Articles 4 to 6. Right to collective bargaining of public servants not engaged in the administration of the State. Limitations on the content of collective agreements applicable to public servants not engaged in the administration of the State. The Committee had previously requested the Government to provide its comments on allegations by the CLC that: (i) legislation aimed at unilaterally restricting or modifying the content of collective agreements regarding salaries and wages was adopted by the governments of Alberta (Public Sector Arbitration Deferral Act), Manitoba (Public Services Sustainability Act) and Nova Scotia (Teachers’ Professional Agreement and Classroom Improvement Act; Public Service Sustainability Act); and (ii) in June 2018, the Quebec Superior Court found that section 113(b) of the Federal Public Sector Relations Act, which restricted collective bargaining covering pensions and staffing and reserved unilateral discretion for the Government, was in violation of the freedom of association guaranteed in the Charter, but the Attorney General appealed that decision.

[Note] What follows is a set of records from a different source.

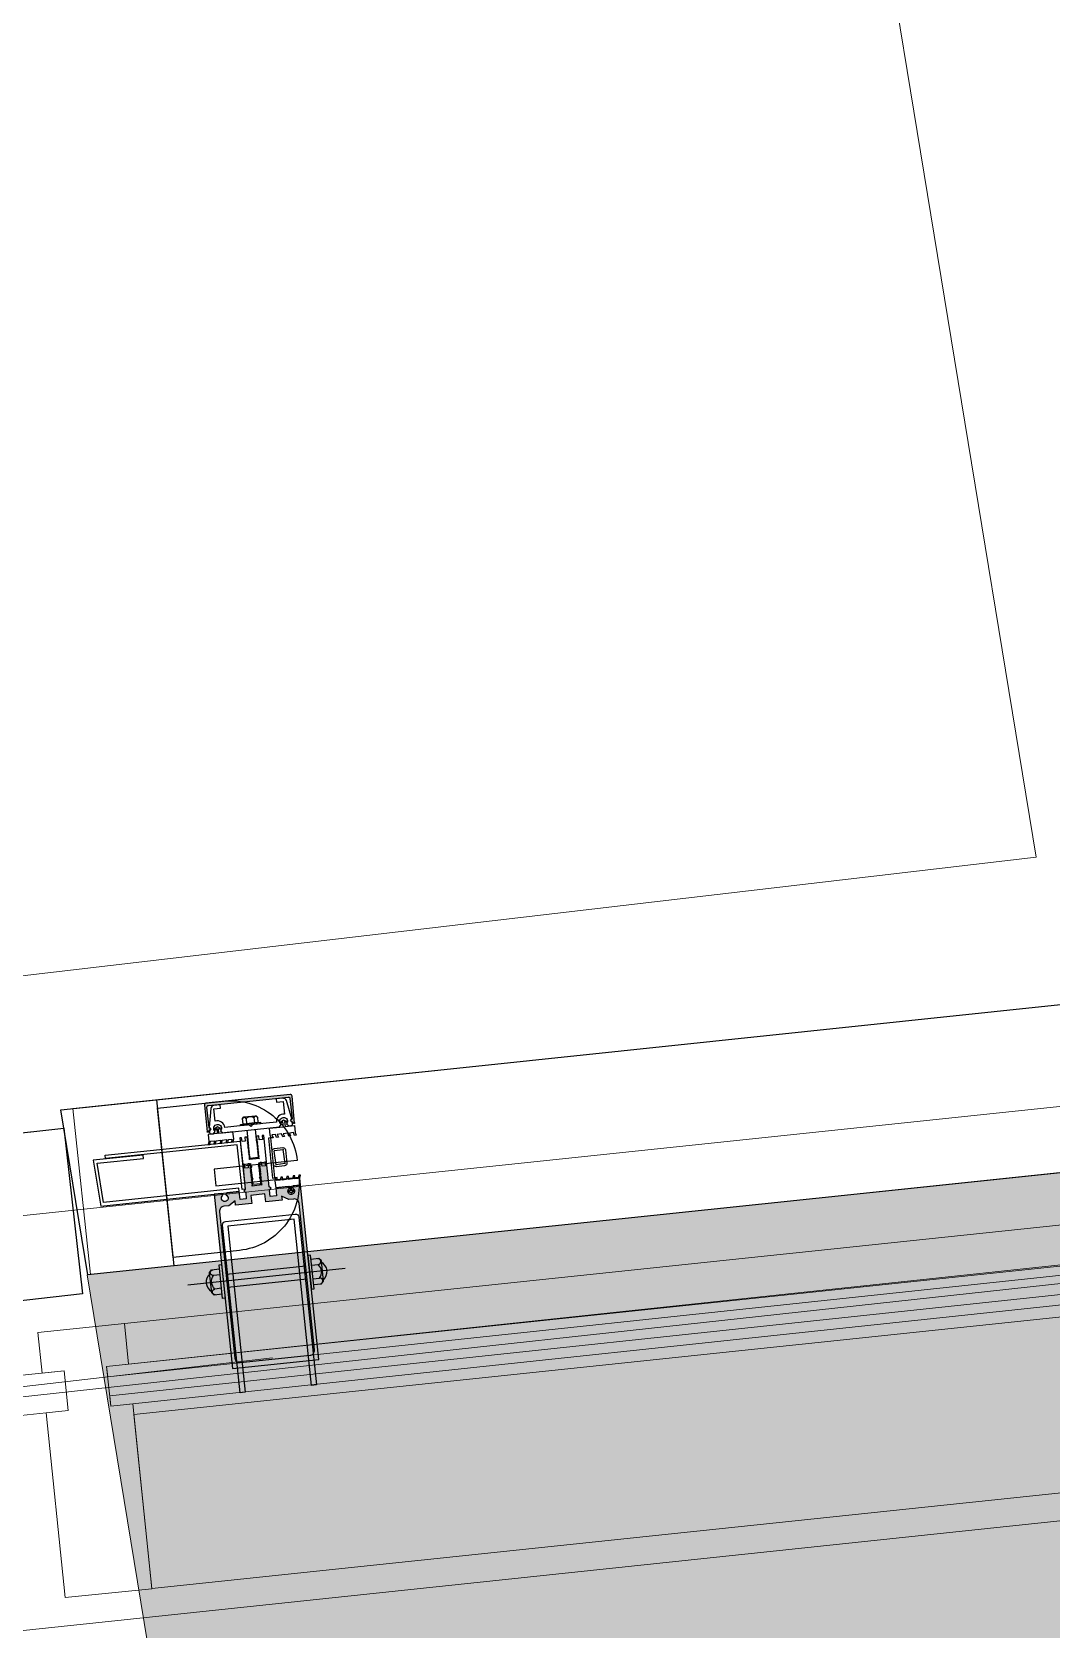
# Model space of a CAD drawing. Header units: metres. Extents: x 2 to 659295185, y -28 to 1124222152.
# Drawn here: x 655624.836 to 655625.447, y 1126465.744 to 1126466.702 of the extents above; entities that cross this region are included whole.
import ezdxf

# ---------------------------------------------------------------- set-up
doc = ezdxf.new("R2010")
doc.units = ezdxf.units.M
doc.header["$MEASUREMENT"] = 0
for name, pattern in [('CCSM_C1_CUERPO CK$0$CONTINUA', [0]), ('CCSM_C1_CUERPO EL$0$DASHED', [0.75, 0.5, -0.25]), ('CCSM_XREF ESTRUCTURA15$0$ACAD_ISO02W100', [15, 12, -3]), ('CCSM_XREF ESTRUCTURA15$0$ACAD_ISO08W100', [36, 24, -3, 6, -3]), ('CCSM_XREF ESTRUCTURA15$0$CONTINUA', [0]), ('CCSM_XREF ESTRUCTURA15$0$RAYITAS', [0.375, 0.25, -0.125]), ('DASHDOT', [1, 0.5, -0.25, 0, -0.25])]:
    doc.linetypes.add(name, pattern=pattern)
doc.layers.get('0').update_dxf_attribs({"linetype": 'CONTINUOUS'})
for name, color, linetype in [('CCSM_C1_CUERPO CK$0$A-PARED', 2, 'CCSM_C1_CUERPO CK$0$CONTINUA'), ('CCSM_C1_CUERPO D.dwg 19-03-12$0$A-BROCAL', 8, 'CONTINUOUS'), ('CCSM_C1_CUERPO D.dwg 19-03-12$0$A-ESTRUCTURA DE FACHADA DE VIDRIO', 5, 'CONTINUOUS'), ('CCSM_C1_CUERPO D.dwg 19-03-12$0$A-VIDRIO', 135, 'CONTINUOUS'), ('CCSM_C1_CUERPO EL$0$A-AREAS COMERCIALES', 151, 'CONTINUOUS'), ('CCSM_C1_CUERPO EL$0$A-PROYECCIONES', 5, 'CCSM_C1_CUERPO EL$0$DASHED'), ('CCSM_XREF ESTRUCTURA15$0$1. ESTRUCTURA PROPUESTA', 3, 'CONTINUOUS'), ('CCSM_XREF ESTRUCTURA15$0$A-BROCAL', 8, 'CONTINUOUS'), ('CCSM_XREF ESTRUCTURA15$0$A-PROYECTADO', 5, 'CCSM_XREF ESTRUCTURA15$0$RAYITAS'), ('CCSM_XREF ESTRUCTURA15$0$A-PUERTA', 5, 'CCSM_XREF ESTRUCTURA15$0$CONTINUA'), ('CCSM_XREF ESTRUCTURA15$0$ALUMINIO', 26, 'CONTINUOUS'), ('CCSM_XREF ESTRUCTURA15$0$EJES', 3, 'CCSM_XREF ESTRUCTURA15$0$ACAD_ISO08W100'), ('CCSM_XREF ESTRUCTURA15$0$LAYER1', 1, 'CONTINUOUS'), ('CCSM_XREF ESTRUCTURA15$0$LAYER4', 5, 'CONTINUOUS'), ('CCSM_XREF ESTRUCTURA15$0$METALICO', 5, 'CONTINUOUS'), ('CCSM_XREF ESTRUCTURA15$0$VARIOS', 20, 'CONTINUOUS')]:
    doc.layers.add(name, color=color, linetype=linetype)
doc.layers.add('CCSM_C1_CUERPO D.dwg 19-03-12$0$VEGETACIÓN', color=7, linetype='CONTINUOUS', true_color=0x428500)
doc.layers.add('LOCALES ASIGNADOS', color=41, linetype='DASHDOT', lineweight=0)
pattern_1 = [(329.308451238, (-1.74908, -4.25296), (0.0412171804, -0.54709132384), [0.05715, -0.62865]), (274.30845124, (-1.7491, -4.25296), (0.5485208358, 0.19704611346), [0.04572, -0.50292]), (19.75945124, (-1.74564, -4.29855), (0.5897357616, -0.35004758223), [0.04857, -0.53427]), (325.49265124, (-1.5987, -4.2283), (0.00707447526, -0.8229292713), [0.085725, -0.942975]), (15.94405124, (-1.5981, -4.2969), (0.8477022361, -0.58277140046), [0.072855, -0.801405]), (270.49245124, (-1.5987, -4.2283), (0.8477011195, -0.5827727124), [0.06858, -0.75438]), (300.308451238, (-1.62395, -4.30967), (-0.2291857787, -0.49847933902), [0.05715, -0.62865]), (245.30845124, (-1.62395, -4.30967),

The Committee notes the Government’s indication that: (i) in Manitoba, the Public Services Sustainability Act was repealed; and (ii) in Nova Scotia, trade unions have initiated a challenge to the Public Service Sustainability Act, alleging that it constitutes an unconstitutional interference in collective bargaining, and this challenge is its preliminary stages. The Committee requests the Government to provide information on the outcome of the legal challenge to the Public Service Sustainability Act, as well as its comments on the adoption of the Teachers’ Professional Agreement and Classroom Improvement Act in Nova Scotia and the Public Sector Arbitration Deferral Act in Alberta.